(Updates with closing share price in ninth paragraph.)
Oct. 23 (Bloomberg) -- Bristol-Myers Squibb Co. beat analysts’ third-quarter earnings and sales estimates as demand for the company’s cancer and arthritis drugs grew.
Earnings excluding certain items of 46 cents a share beat the 44-cent average of 16 analysts’ estimates compiled by Bloomberg. Sales increased 9 percent to $4.07 billion, the New York-based drugmaker said in a statement. That result topped by 1.6 percent the average analyst projection of $4 billion.
Bristol-Myers’s sales are returning to growth after patent expirations shrank revenue in the past five quarters, led by the loss of marketing exclusivity for the anti-stroke pill Plavix. Now new products, including the company’s cancer and hepatitis C franchises, are emerging and may boost sales further.

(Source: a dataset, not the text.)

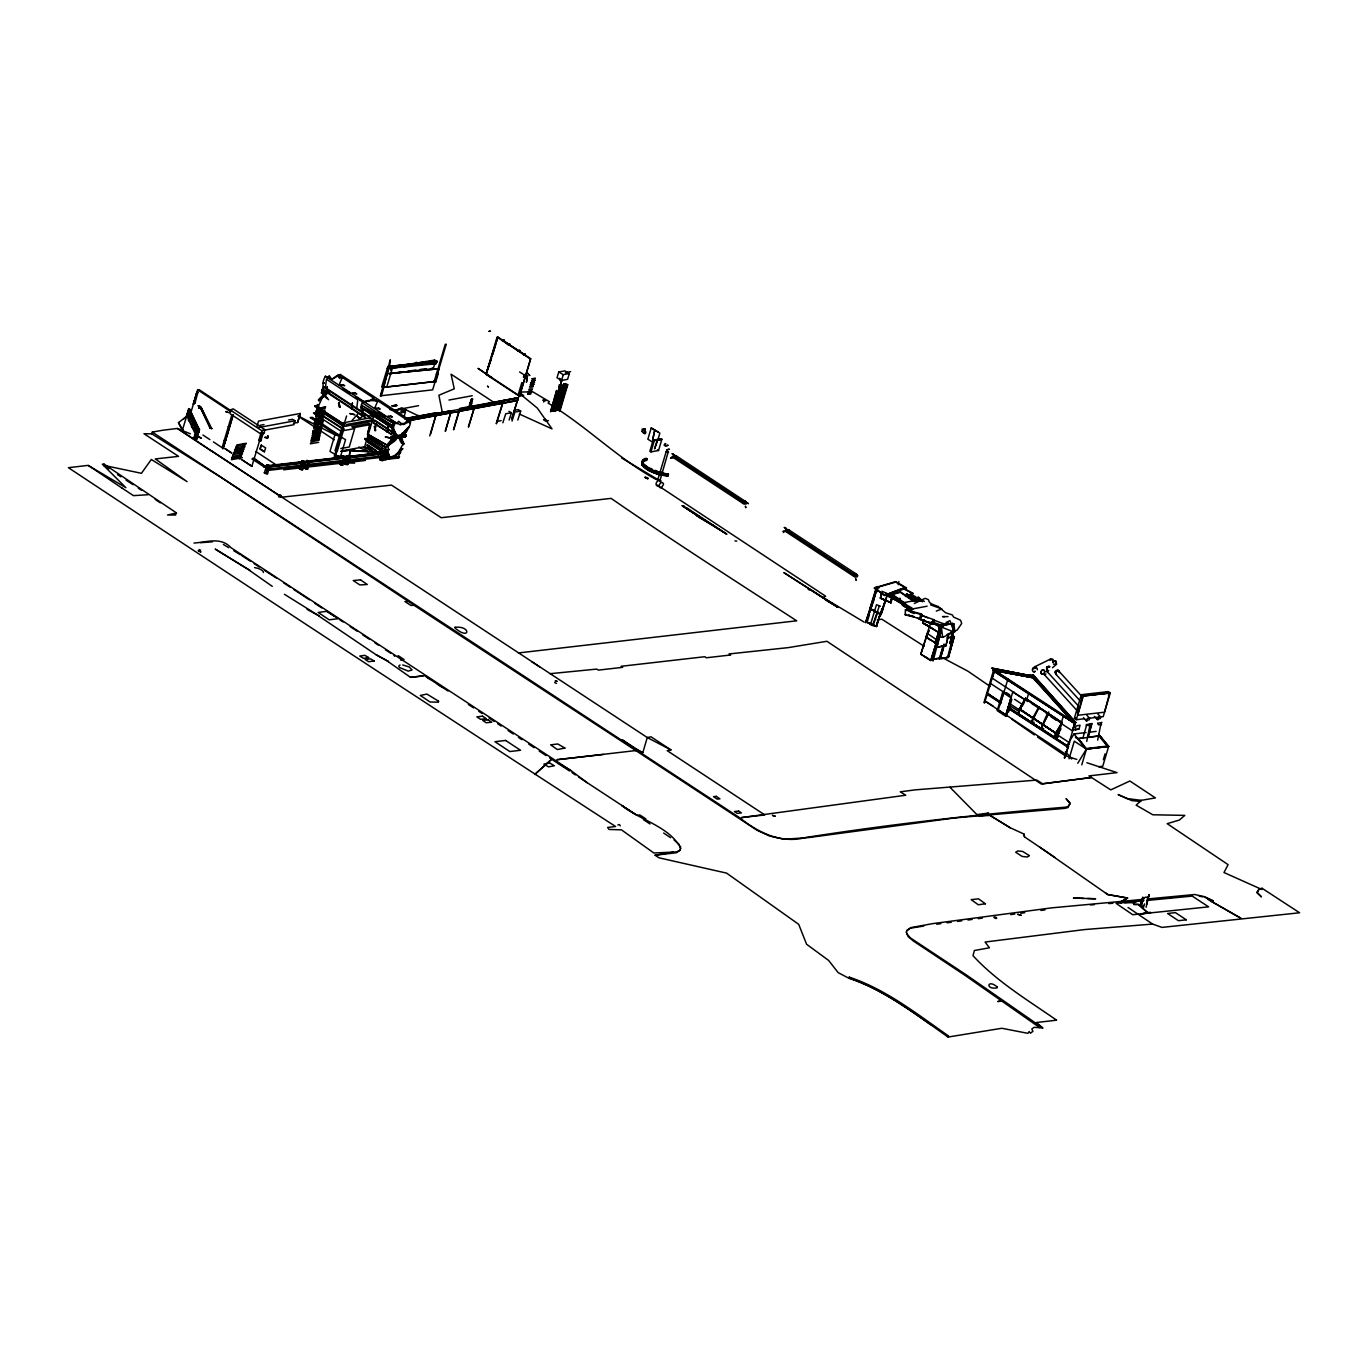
<?xml version="1.0" encoding="UTF-8"?>
<svg xmlns="http://www.w3.org/2000/svg" width="1368" height="1368" viewBox="0 0 1368 1368"><rect width="100%" height="100%" fill="white"/><g stroke="black" fill="none" stroke-linecap="round" stroke-linejoin="round"><path stroke-width="1.5" d="M1067.519 746.244L1068.203 747.407L1068.442 746.466L1067.296 747.167L1067.827 746.364L1056.524 738.925L1063.483 715.635L1074.923 723.176L1064.646 758.094M1068.203 747.407L1067.296 747.014M1068.442 746.466L1067.929 747.219M993.014 670.388L993.065 668.696L1033.199 676.202L1075.453 722.766L1074.752 724.031L1032.772 677.759L993.014 670.388L1033.387 677.69L1067.536 715.122M437.076 361.904L434.408 360.16L389.333 367.359L437.076 361.904L389.555 366.59L380.56 395.985C382.835 398.533 393.471 339.11 389.401 367.308M921.228 619.003L905.188 614.796L905.428 609.752L921.485 613.958L921.314 617.327M920.151 619.447L920.408 614.403L921.485 613.958M940.791 633.589L941.287 627.143C934.908 621.209 924.665 623.09 917.33 617.96M385.212 436.922L390.444 438.085L385.81 436.973M944.176 623.911L941.885 626.595L931.813 622.953L931.916 621.824L934.122 620.268L944.176 623.911L941.885 626.595M934.019 621.414L934.122 620.268M349.695 413.546L354.893 414.726L350.293 413.598M230.337 410.007L229.995 413.666L261.459 434.374L264.281 433.211L264.623 429.535L233.158 408.844L230.337 410.007L261.801 430.715L264.623 429.535M261.459 434.374L261.801 430.715M987.422 694.465L987.525 693.542L986.995 694.346L1000.76 703.169L987.679 693.354L986.995 694.346M1052.488 667.721L1056.506 664.267L1056.37 663.087A2.189 1.077 49.3 0 0 1054.13 661.018L1055.822 660.829L1056.37 663.087M1142.519 908.438L1142.964 905.342M1074.752 724.031L1033.387 677.69L994.587 670.286L984.498 703.084M198.787 408.177L199.745 406.262L199.796 408.126L198.787 408.177L199.796 408.126M199.078 408.365L200.036 406.467M199.489 407.921L199.745 406.262M1146.128 907.275L1147.974 897.767L1145.837 896.998L1143.699 898.28L1141.271 905.137L1143.699 898.28L1142.861 897.322L1140.348 904.282M318.573 405.732L322.78 396.686L326.473 393.454M360.913 411.323L361.99 402.637L393.317 423.225L391.915 427.876L392.24 431.912L394.206 434.511M323.72 387.435A11.696 7.011 -56.7 0 1 325.362 376.234L331.672 379.381L338.477 374.593L338.7 377.517L342.325 377.448L339.042 385.024M373.139 400.345L373.635 398.054L342.325 377.448M363.529 402.106L368.095 400.516L377.842 400.824L374.558 408.399M890.585 602.809L891.799 597.166M885.985 593.558L892.073 597.115L890.859 602.758L880.428 598.175L881.539 593.011L880.428 598.175L891.03 602.741L892.535 595.815L881.915 591.267M881.59 594.653L880.411 598.192M890.602 602.826L892.535 595.815M881.813 592.925L880.684 598.124L884.857 599.919M1075.162 729.913L1075.915 726.015L1080.053 725.211L1079.061 728.956L1075.043 729.828L1079.061 728.956M940.5 629.639L936.088 646.808L937.029 647.286L940.329 633.281M937.029 647.286L945.972 645.662L948.793 633.658M895.288 597.731L893.612 598.055L894.296 599.492L893.578 598.072L893.338 599.099L896.228 598.295M939.217 632.666L936.687 647.098L945.921 645.679L948.759 633.64M936.687 647.098L940.004 633.076M1034.003 671.842L1034.653 671.637A2.257 1.642 -74.4 0 0 1035.251 671.141A2.257 1.659 -74 0 1 1032.481 669.739L1032.686 668.901A2.257 1.659 -74 0 1 1035.508 668.029M1082.755 738.481L1086.756 724.561M1086.722 741.422L1089.903 725.262M1097.683 740.156L1100.864 724.031M922.1 616.181L922.374 615.138M952.419 631.725L950.093 643.576L953.171 632.153M952.983 632.033L950.059 643.541L952.487 631.777M933.079 661.069L940.808 631.674M321.719 391.128L321.959 390.222L322.369 391.522L325.687 390.667M1142.861 897.322L1140.331 904.881M375.943 456.98L386.169 457.459L387.52 452.569L350.191 450.363L349.37 455.749L359.596 456.228M349.37 455.749L350.191 450.363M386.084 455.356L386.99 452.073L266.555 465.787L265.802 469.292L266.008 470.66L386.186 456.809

“It’s their tough year this year, but it’s all about the pipeline,” Judson Clark, an analyst with Edward Jones & Co., said in a telephone interview.
The company’s biggest pipeline prospect is nivolumab, which uses the body’s own immune system to fight tumors and is in late-stage trials for lung cancer. If approved, nivolumab could generate sales of $10.9 billion by 2023, Alex Arfaei, an analyst with BMO Capital Markets Corp., said in a note to clients.
Bristol-Myers has been putting resources behind the development of nivolumab and other new cancer drugs. The medicines take the brakes off the immune system or unmask tumors from the body’s disease-fighting mechanisms, allowing tumors to fall under attack.
Yervoy, another immune system-based drug already on the market, generated $238 million, an increase of 33 percent from a year ago. Sales of Sprycel, a leukemia treatment, rose 20 percent to $316 million. Orencia, a rheumatoid arthritis treatment that was approved in a new formulation in 2011, saw sales grow 22 percent to $375 million.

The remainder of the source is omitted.